- **Dataset records**
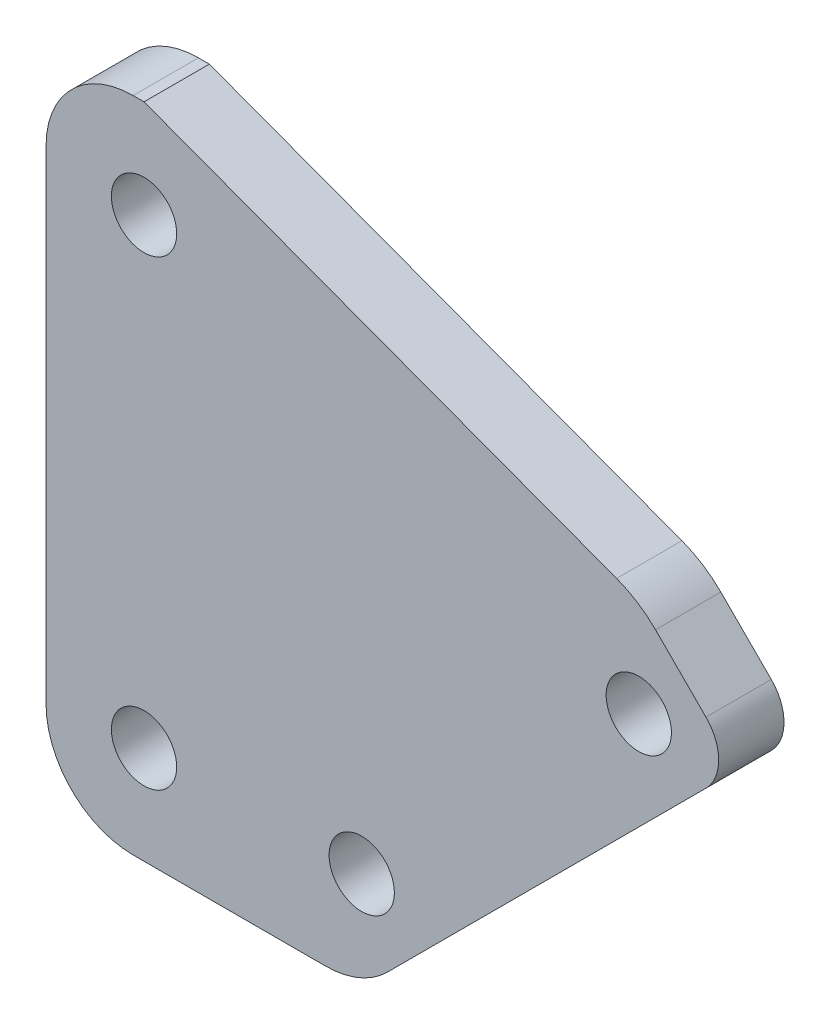
ISO-10303-21;
HEADER;
FILE_DESCRIPTION(('STEP AP214'),'2;1');
FILE_NAME('part.step','',(''),(''),'','','');
FILE_SCHEMA(('AUTOMOTIVE_DESIGN { 1 0 10303 214 1 1 1 1 }'));
ENDSEC;
DATA;
#1=APPLICATION_CONTEXT('core data for automotive mechanical design processes');
#2=APPLICATION_PROTOCOL_DEFINITION('international standard','automotive_design',2000,#1);
#3=PRODUCT_CONTEXT('',#1,'mechanical');
#4=PRODUCT('Part','Part','',(#3));
#5=PRODUCT_RELATED_PRODUCT_CATEGORY('part','',(#4));
#6=PRODUCT_DEFINITION_FORMATION('','',#4);
#7=PRODUCT_DEFINITION_CONTEXT('part definition',#1,'design');
#8=PRODUCT_DEFINITION('design','',#6,#7);
#9=PRODUCT_DEFINITION_SHAPE('','',#8);
#10=(LENGTH_UNIT() NAMED_UNIT(*) SI_UNIT(.MILLI.,.METRE.));
#11=(NAMED_UNIT(*) PLANE_ANGLE_UNIT() SI_UNIT($,.RADIAN.));
#12=(NAMED_UNIT(*) SI_UNIT($,.STERADIAN.) SOLID_ANGLE_UNIT());
#13=UNCERTAINTY_MEASURE_WITH_UNIT(LENGTH_MEASURE(1.E-05),#10,'distance_accuracy_value','');
#14=(GEOMETRIC_REPRESENTATION_CONTEXT(3) GLOBAL_UNCERTAINTY_ASSIGNED_CONTEXT((#13)) GLOBAL_UNIT_ASSIGNED_CONTEXT((#10,
#11,#12)) REPRESENTATION_CONTEXT('',''));
#15=CARTESIAN_POINT('',(0.,0.,0.));
#16=DIRECTION('',(0.,0.,1.));
#17=DIRECTION('',(1.,0.,0.));
#18=AXIS2_PLACEMENT_3D('',#15,#16,#17);
#19=CARTESIAN_POINT('',(12.8431457505076,4.,3.));
#20=DIRECTION('',(0.,0.,-1.));
#21=DIRECTION('',(-1.,0.,0.));
#22=AXIS2_PLACEMENT_3D('',#19,#20,#21);
#23=CYLINDRICAL_SURFACE('',#22,4.);
#24=DIRECTION('',(0.,0.,1.));
#25=VECTOR('',#24,1.);
#26=CARTESIAN_POINT('',(12.8431457505076,0.,3.));
#27=LINE('',#26,#25);
#28=CARTESIAN_POINT('',(12.8431457505076,0.,0.));
#29=VERTEX_POINT('',#28);
#30=CARTESIAN_POINT('',(12.8431457505076,0.,3.));
#31=VERTEX_POINT('',#30);
#32=EDGE_CURVE('E234',#29,#31,#27,.T.);
#33=ORIENTED_EDGE('',*,*,#32,.F.);
#34=CARTESIAN_POINT('',(12.8431457505076,4.,0.));
#35=DIRECTION('',(0.,0.,1.));
#36=DIRECTION('',(1.,0.,0.));
#37=AXIS2_PLACEMENT_3D('',#34,#35,#36);
#38=CIRCLE('',#37,4.);
#39=CARTESIAN_POINT('',(15.6715728752538,1.17157287525381,0.));
#40=VERTEX_POINT('',#39);
#41=EDGE_CURVE('E52',#40,#29,#38,.F.);
#42=ORIENTED_EDGE('',*,*,#41,.F.);
#43=DIRECTION('',(0.,0.,1.));
#44=VECTOR('',#43,1.);
#45=CARTESIAN_POINT('',(15.6715728752538,1.17157287525381,3.));
#46=LINE('',#45,#44);
#47=CARTESIAN_POINT('',(15.6715728752538,1.17157287525381,3.));
#48=VERTEX_POINT('',#47);
#49=EDGE_CURVE('E237',#48,#40,#46,.F.);
#50=ORIENTED_EDGE('',*,*,#49,.F.);
#51=CARTESIAN_POINT('',(12.8431457505076,4.,3.));
#52=DIRECTION('',(0.,0.,1.));
#53=DIRECTION('',(1.,0.,0.));
#54=AXIS2_PLACEMENT_3D('',#51,#52,#53);
#55=CIRCLE('',#54,4.);
#56=EDGE_CURVE('E11',#31,#48,#55,.T.);
#57=ORIENTED_EDGE('',*,*,#56,.F.);
#58=EDGE_LOOP('',(#33,#42,#50,#57));
#59=FACE_BOUND('',#58,.T.);
#60=ADVANCED_FACE('F45',(#59),#23,.T.);
#61=CARTESIAN_POINT('',(4.,4.,3.));
#62=DIRECTION('',(0.,0.,-1.));
#63=DIRECTION('',(-1.,0.,0.));
#64=AXIS2_PLACEMENT_3D('',#61,#62,#63);
#65=CYLINDRICAL_SURFACE('',#64,4.);
#66=DIRECTION('',(0.,0.,1.));
#67=VECTOR('',#66,1.);
#68=CARTESIAN_POINT('',(0.,4.,3.));
#69=LINE('',#68,#67);
#70=CARTESIAN_POINT('',(0.,4.,0.));
#71=VERTEX_POINT('',#70);
#72=CARTESIAN_POINT('',(0.,4.,3.));
#73=VERTEX_POINT('',#72);
#74=EDGE_CURVE('E224',#71,#73,#69,.T.);
#75=ORIENTED_EDGE('',*,*,#74,.F.);
#76=CARTESIAN_POINT('',(4.,4.,0.));
#77=DIRECTION('',(0.,0.,1.));
#78=DIRECTION('',(1.,0.,0.));
#79=AXIS2_PLACEMENT_3D('',#76,#77,#78);
#80=CIRCLE('',#79,4.);
#81=CARTESIAN_POINT('',(4.,0.,0.));
#82=VERTEX_POINT('',#81);
#83=EDGE_CURVE('E230',#82,#71,#80,.F.);
#84=ORIENTED_EDGE('',*,*,#83,.F.);
#85=DIRECTION('',(0.,0.,1.));
#86=VECTOR('',#85,1.);
#87=CARTESIAN_POINT('',(4.,0.,3.));
#88=LINE('',#87,#86);
#89=CARTESIAN_POINT('',(4.,0.,3.));
#90=VERTEX_POINT('',#89);
#91=EDGE_CURVE('E227',#90,#82,#88,.F.);
#92=ORIENTED_EDGE('',*,*,#91,.F.);
#93=CARTESIAN_POINT('',(4.,4.,3.));
#94=DIRECTION('',(0.,0.,1.));
#95=DIRECTION('',(1.,0.,0.));
#96=AXIS2_PLACEMENT_3D('',#93,#94,#95);
#97=CIRCLE('',#96,4.);
#98=EDGE_CURVE('E232',#73,#90,#97,.T.);
#99=ORIENTED_EDGE('',*,*,#98,.F.);
#100=EDGE_LOOP('',(#75,#84,#92,#99));
#101=FACE_BOUND('',#100,.T.);
#102=ADVANCED_FACE('F249',(#101),#65,.T.);
#103=CARTESIAN_POINT('',(4.,26.2132034355964,3.));
#104=DIRECTION('',(0.,0.,-1.));
#105=DIRECTION('',(-1.,0.,0.));
#106=AXIS2_PLACEMENT_3D('',#103,#104,#105);
#107=CYLINDRICAL_SURFACE('',#106,4.);
#108=DIRECTION('',(0.,0.,-1.));
#109=VECTOR('',#108,1.);
#110=CARTESIAN_POINT('',(0.,26.2132034355964,3.));
#111=LINE('',#110,#109);
#112=CARTESIAN_POINT('',(0.,26.2132034355964,3.));
#113=VERTEX_POINT('',#112);
#114=CARTESIAN_POINT('',(0.,26.2132034355964,0.));
#115=VERTEX_POINT('',#114);
#116=EDGE_CURVE('E216',#113,#115,#111,.T.);
#117=ORIENTED_EDGE('',*,*,#116,.F.);
#118=CARTESIAN_POINT('',(4.,26.2132034355964,3.));
#119=DIRECTION('',(0.,0.,1.));
#120=DIRECTION('',(1.,0.,0.));
#121=AXIS2_PLACEMENT_3D('',#118,#119,#120);
#122=CIRCLE('',#121,4.);
#123=CARTESIAN_POINT('',(4.,30.2132034355964,3.));
#124=VERTEX_POINT('',#123);
#125=EDGE_CURVE('E220',#124,#113,#122,.T.);
#126=ORIENTED_EDGE('',*,*,#125,.F.);
#127=DIRECTION('',(0.,0.,-1.));
#128=VECTOR('',#127,1.);
#129=CARTESIAN_POINT('',(4.,30.2132034355964,3.));
#130=LINE('',#129,#128);
#131=CARTESIAN_POINT('',(4.,30.2132034355964,0.));
#132=VERTEX_POINT('',#131);
#133=EDGE_CURVE('E133',#132,#124,#130,.F.);
#134=ORIENTED_EDGE('',*,*,#133,.F.);
#135=CARTESIAN_POINT('',(4.,26.2132034355964,0.));
#136=DIRECTION('',(0.,0.,1.));
#137=DIRECTION('',(1.,0.,0.));
#138=AXIS2_PLACEMENT_3D('',#135,#136,#137);
#139=CIRCLE('',#138,4.);
#140=EDGE_CURVE('E222',#115,#132,#139,.F.);
#141=ORIENTED_EDGE('',*,*,#140,.F.);
#142=EDGE_LOOP('',(#117,#126,#134,#141));
#143=FACE_BOUND('',#142,.T.);
#144=ADVANCED_FACE('F255',(#143),#107,.T.);
#145=CARTESIAN_POINT('',(24.4609098339235,17.4238664769267,3.));
#146=DIRECTION('',(0.,0.,1.));
#147=DIRECTION('',(1.,0.,0.));
#148=AXIS2_PLACEMENT_3D('',#145,#146,#147);
#149=CYLINDRICAL_SURFACE('',#148,5.);
#150=DIRECTION('',(0.,0.,1.));
#151=VECTOR('',#150,1.);
#152=CARTESIAN_POINT('',(27.9964437398562,20.9594003828594,3.));
#153=LINE('',#152,#151);
#154=CARTESIAN_POINT('',(27.9964437398562,20.9594003828594,0.));
#155=VERTEX_POINT('',#154);
#156=CARTESIAN_POINT('',(27.9964437398562,20.9594003828594,3.));
#157=VERTEX_POINT('',#156);
#158=EDGE_CURVE('E208',#155,#157,#153,.T.);
#159=ORIENTED_EDGE('',*,*,#158,.F.);
#160=CARTESIAN_POINT('',(24.4609098339235,17.4238664769267,0.));
#161=DIRECTION('',(0.,0.,1.));
#162=DIRECTION('',(1.,0.,0.));
#163=AXIS2_PLACEMENT_3D('',#160,#161,#162);
#164=CIRCLE('',#163,5.);
#165=CARTESIAN_POINT('',(26.2097151151635,22.1080611876862,0.));
#166=VERTEX_POINT('',#165);
#167=EDGE_CURVE('E213',#166,#155,#164,.F.);
#168=ORIENTED_EDGE('',*,*,#167,.F.);
#169=DIRECTION('',(0.,0.,1.));
#170=VECTOR('',#169,1.);
#171=CARTESIAN_POINT('',(26.2097151151635,22.1080611876862,3.));
#172=LINE('',#171,#170);
#173=CARTESIAN_POINT('',(26.2097151151635,22.1080611876862,3.));
#174=VERTEX_POINT('',#173);
#175=EDGE_CURVE('E211',#174,#166,#172,.F.);
#176=ORIENTED_EDGE('',*,*,#175,.F.);
#177=CARTESIAN_POINT('',(24.4609098339235,17.4238664769267,3.));
#178=DIRECTION('',(0.,0.,1.));
#179=DIRECTION('',(1.,0.,0.));
#180=AXIS2_PLACEMENT_3D('',#177,#178,#179);
#181=CIRCLE('',#180,5.);
#182=EDGE_CURVE('E151',#157,#174,#181,.T.);
#183=ORIENTED_EDGE('',*,*,#182,.F.);
#184=EDGE_LOOP('',(#159,#168,#176,#183));
#185=FACE_BOUND('',#184,.T.);
#186=ADVANCED_FACE('F277',(#185),#149,.T.);
#187=CARTESIAN_POINT('',(28.8994949366117,17.2279220613578,3.));
#188=DIRECTION('',(0.,0.,1.));
#189=DIRECTION('',(1.,0.,0.));
#190=AXIS2_PLACEMENT_3D('',#187,#188,#189);
#191=CYLINDRICAL_SURFACE('',#190,2.);
#192=DIRECTION('',(0.,0.,1.));
#193=VECTOR('',#192,1.);
#194=CARTESIAN_POINT('',(30.3137084989847,15.8137084989848,3.));
#195=LINE('',#194,#193);
#196=CARTESIAN_POINT('',(30.3137084989847,15.8137084989848,0.));
#197=VERTEX_POINT('',#196);
#198=CARTESIAN_POINT('',(30.3137084989847,15.8137084989848,3.));
#199=VERTEX_POINT('',#198);
#200=EDGE_CURVE('E145',#197,#199,#195,.T.);
#201=ORIENTED_EDGE('',*,*,#200,.F.);
#202=CARTESIAN_POINT('',(28.8994949366117,17.2279220613578,0.));
#203=DIRECTION('',(0.,0.,1.));
#204=DIRECTION('',(1.,0.,0.));
#205=AXIS2_PLACEMENT_3D('',#202,#203,#204);
#206=CIRCLE('',#205,2.);
#207=CARTESIAN_POINT('',(30.3137084989847,18.6421356237309,0.));
#208=VERTEX_POINT('',#207);
#209=EDGE_CURVE('E203',#208,#197,#206,.F.);
#210=ORIENTED_EDGE('',*,*,#209,.F.);
#211=DIRECTION('',(0.,0.,1.));
#212=VECTOR('',#211,1.);
#213=CARTESIAN_POINT('',(30.3137084989847,18.6421356237309,3.));
#214=LINE('',#213,#212);
#215=CARTESIAN_POINT('',(30.3137084989847,18.6421356237309,3.));
#216=VERTEX_POINT('',#215);
#217=EDGE_CURVE('E200',#216,#208,#214,.F.);
#218=ORIENTED_EDGE('',*,*,#217,.F.);
#219=CARTESIAN_POINT('',(28.8994949366117,17.2279220613578,3.));
#220=DIRECTION('',(0.,0.,1.));
#221=DIRECTION('',(1.,0.,0.));
#222=AXIS2_PLACEMENT_3D('',#219,#220,#221);
#223=CIRCLE('',#222,2.);
#224=EDGE_CURVE('E205',#199,#216,#223,.T.);
#225=ORIENTED_EDGE('',*,*,#224,.F.);
#226=EDGE_LOOP('',(#201,#210,#218,#225));
#227=FACE_BOUND('',#226,.T.);
#228=ADVANCED_FACE('F282',(#227),#191,.T.);
#229=CARTESIAN_POINT('',(7.24999999999999,-7.25,3.));
#230=DIRECTION('',(0.707106781186547,-0.707106781186548,0.));
#231=DIRECTION('',(0.707106781186548,0.707106781186547,0.));
#232=AXIS2_PLACEMENT_3D('',#229,#230,#231);
#233=PLANE('',#232);
#234=DIRECTION('',(-0.707106781186548,-0.707106781186547,0.));
#235=VECTOR('',#234,1.);
#236=CARTESIAN_POINT('',(7.24999999999999,-7.25,3.));
#237=LINE('',#236,#235);
#238=EDGE_CURVE('E155',#199,#48,#237,.T.);
#239=ORIENTED_EDGE('',*,*,#238,.T.);
#240=ORIENTED_EDGE('',*,*,#49,.T.);
#241=DIRECTION('',(-0.707106781186548,-0.707106781186547,0.));
#242=VECTOR('',#241,1.);
#243=CARTESIAN_POINT('',(7.24999999999999,-7.25,0.));
#244=LINE('',#243,#242);
#245=EDGE_CURVE('E173',#197,#40,#244,.T.);
#246=ORIENTED_EDGE('',*,*,#245,.F.);
#247=ORIENTED_EDGE('',*,*,#200,.T.);
#248=EDGE_LOOP('',(#239,#240,#246,#247));
#249=FACE_BOUND('',#248,.T.);
#250=ADVANCED_FACE('F286',(#249),#233,.T.);
#251=CARTESIAN_POINT('',(24.4779220613578,24.4779220613578,3.));
#252=DIRECTION('',(0.707106781186547,0.707106781186547,0.));
#253=DIRECTION('',(-0.707106781186548,0.707106781186548,0.));
#254=AXIS2_PLACEMENT_3D('',#251,#252,#253);
#255=PLANE('',#254);
#256=DIRECTION('',(0.707106781186548,-0.707106781186548,0.));
#257=VECTOR('',#256,1.);
#258=CARTESIAN_POINT('',(24.4779220613578,24.4779220613578,0.));
#259=LINE('',#258,#257);
#260=EDGE_CURVE('E176',#155,#208,#259,.T.);
#261=ORIENTED_EDGE('',*,*,#260,.F.);
#262=ORIENTED_EDGE('',*,*,#158,.T.);
#263=DIRECTION('',(0.707106781186548,-0.707106781186548,0.));
#264=VECTOR('',#263,1.);
#265=CARTESIAN_POINT('',(24.4779220613578,24.4779220613578,3.));
#266=LINE('',#265,#264);
#267=EDGE_CURVE('E153',#157,#216,#266,.T.);
#268=ORIENTED_EDGE('',*,*,#267,.T.);
#269=ORIENTED_EDGE('',*,*,#217,.T.);
#270=EDGE_LOOP('',(#261,#262,#268,#269));
#271=FACE_BOUND('',#270,.T.);
#272=ADVANCED_FACE('F290',(#271),#255,.T.);
#273=CARTESIAN_POINT('',(10.4504512447422,27.9916517698077,3.));
#274=DIRECTION('',(0.349761056248004,0.936838942151894,0.));
#275=DIRECTION('',(-0.936838942151894,0.349761056248004,0.));
#276=AXIS2_PLACEMENT_3D('',#273,#274,#275);
#277=PLANE('',#276);
#278=DIRECTION('',(0.936838942151894,-0.349761056248004,0.));
#279=VECTOR('',#278,1.);
#280=CARTESIAN_POINT('',(10.4504512447422,27.9916517698077,3.));
#281=LINE('',#280,#279);
#282=CARTESIAN_POINT('',(4.49999999999999,30.2132034355964,3.));
#283=VERTEX_POINT('',#282);
#284=EDGE_CURVE('E137',#283,#174,#281,.T.);
#285=ORIENTED_EDGE('',*,*,#284,.T.);
#286=ORIENTED_EDGE('',*,*,#175,.T.);
#287=DIRECTION('',(0.936838942151894,-0.349761056248004,0.));
#288=VECTOR('',#287,1.);
#289=CARTESIAN_POINT('',(10.4504512447422,27.9916517698077,0.));
#290=LINE('',#289,#288);
#291=CARTESIAN_POINT('',(4.49999999999999,30.2132034355964,0.));
#292=VERTEX_POINT('',#291);
#293=EDGE_CURVE('E144',#292,#166,#290,.T.);
#294=ORIENTED_EDGE('',*,*,#293,.F.);
#295=DIRECTION('',(0.,0.,-1.));
#296=VECTOR('',#295,1.);
#297=CARTESIAN_POINT('',(4.49999999999999,30.2132034355964,3.));
#298=LINE('',#297,#296);
#299=EDGE_CURVE('E130',#283,#292,#298,.T.);
#300=ORIENTED_EDGE('',*,*,#299,.F.);
#301=EDGE_LOOP('',(#285,#286,#294,#300));
#302=FACE_BOUND('',#301,.T.);
#303=ADVANCED_FACE('F141',(#302),#277,.T.);
#304=CARTESIAN_POINT('',(0.,30.2132034355964,3.));
#305=DIRECTION('',(0.,1.,0.));
#306=DIRECTION('',(0.,0.,1.));
#307=AXIS2_PLACEMENT_3D('',#304,#305,#306);
#308=PLANE('',#307);
#309=DIRECTION('',(1.,0.,0.));
#310=VECTOR('',#309,1.);
#311=CARTESIAN_POINT('',(0.,30.2132034355964,0.));
#312=LINE('',#311,#310);
#313=EDGE_CURVE('E179',#132,#292,#312,.T.);
#314=ORIENTED_EDGE('',*,*,#313,.F.);
#315=ORIENTED_EDGE('',*,*,#133,.T.);
#316=DIRECTION('',(1.,0.,0.));
#317=VECTOR('',#316,1.);
#318=CARTESIAN_POINT('',(0.,30.2132034355964,3.));
#319=LINE('',#318,#317);
#320=EDGE_CURVE('E126',#124,#283,#319,.T.);
#321=ORIENTED_EDGE('',*,*,#320,.T.);
#322=ORIENTED_EDGE('',*,*,#299,.T.);
#323=EDGE_LOOP('',(#314,#315,#321,#322));
#324=FACE_BOUND('',#323,.T.);
#325=ADVANCED_FACE('F129',(#324),#308,.T.);
#326=CARTESIAN_POINT('',(0.,0.,3.));
#327=DIRECTION('',(-1.,0.,0.));
#328=DIRECTION('',(0.,0.,1.));
#329=AXIS2_PLACEMENT_3D('',#326,#327,#328);
#330=PLANE('',#329);
#331=DIRECTION('',(0.,1.,0.));
#332=VECTOR('',#331,1.);
#333=CARTESIAN_POINT('',(0.,0.,0.));
#334=LINE('',#333,#332);
#335=EDGE_CURVE('E181',#71,#115,#334,.T.);
#336=ORIENTED_EDGE('',*,*,#335,.F.);
#337=ORIENTED_EDGE('',*,*,#74,.T.);
#338=DIRECTION('',(0.,1.,0.));
#339=VECTOR('',#338,1.);
#340=CARTESIAN_POINT('',(0.,0.,3.));
#341=LINE('',#340,#339);
#342=EDGE_CURVE('E136',#73,#113,#341,.T.);
#343=ORIENTED_EDGE('',*,*,#342,.T.);
#344=ORIENTED_EDGE('',*,*,#116,.T.);
#345=EDGE_LOOP('',(#336,#337,#343,#344));
#346=FACE_BOUND('',#345,.T.);
#347=ADVANCED_FACE('F256',(#346),#330,.T.);
#348=CARTESIAN_POINT('',(4.49999999999999,25.7132034355964,3.));
#349=DIRECTION('',(0.,0.,-1.));
#350=DIRECTION('',(-1.,0.,0.));
#351=AXIS2_PLACEMENT_3D('',#348,#349,#350);
#352=CYLINDRICAL_SURFACE('',#351,1.5);
#353=CARTESIAN_POINT('',(4.49999999999999,25.7132034355964,3.));
#354=DIRECTION('',(0.,0.,1.));
#355=DIRECTION('',(1.,0.,0.));
#356=AXIS2_PLACEMENT_3D('',#353,#354,#355);
#357=CIRCLE('',#356,1.5);
#358=CARTESIAN_POINT('',(5.99999999999999,25.7132034355964,3.));
#359=VERTEX_POINT('',#358);
#360=EDGE_CURVE('E168',#359,#359,#357,.T.);
#361=ORIENTED_EDGE('',*,*,#360,.T.);
#362=EDGE_LOOP('',(#361));
#363=FACE_BOUND('',#362,.T.);
#364=CARTESIAN_POINT('',(4.49999999999999,25.7132034355964,0.));
#365=DIRECTION('',(0.,0.,1.));
#366=DIRECTION('',(1.,0.,0.));
#367=AXIS2_PLACEMENT_3D('',#364,#365,#366);
#368=CIRCLE('',#367,1.5);
#369=CARTESIAN_POINT('',(5.99999999999999,25.7132034355964,0.));
#370=VERTEX_POINT('',#369);
#371=EDGE_CURVE('E192',#370,#370,#368,.T.);
#372=ORIENTED_EDGE('',*,*,#371,.F.);
#373=EDGE_LOOP('',(#372));
#374=FACE_BOUND('',#373,.T.);
#375=ADVANCED_FACE('F259',(#363,#374),#352,.F.);
#376=CARTESIAN_POINT('',(4.49999999999999,4.49999999999999,3.));
#377=DIRECTION('',(0.,0.,-1.));
#378=DIRECTION('',(-1.,0.,0.));
#379=AXIS2_PLACEMENT_3D('',#376,#377,#378);
#380=CYLINDRICAL_SURFACE('',#379,1.49999999999999);
#381=CARTESIAN_POINT('',(4.49999999999999,4.49999999999999,3.));
#382=DIRECTION('',(0.,0.,1.));
#383=DIRECTION('',(1.,0.,0.));
#384=AXIS2_PLACEMENT_3D('',#381,#382,#383);
#385=CIRCLE('',#384,1.49999999999999);
#386=CARTESIAN_POINT('',(5.99999999999999,4.49999999999999,3.));
#387=VERTEX_POINT('',#386);
#388=EDGE_CURVE('E165',#387,#387,#385,.T.);
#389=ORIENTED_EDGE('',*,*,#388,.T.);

- **Work instructions**
Scan the material above. Copy each line that holds the word "mechanical".

- **Output for this task**
#1=APPLICATION_CONTEXT('core data for automotive mechanical design processes');
#3=PRODUCT_CONTEXT('',#1,'mechanical');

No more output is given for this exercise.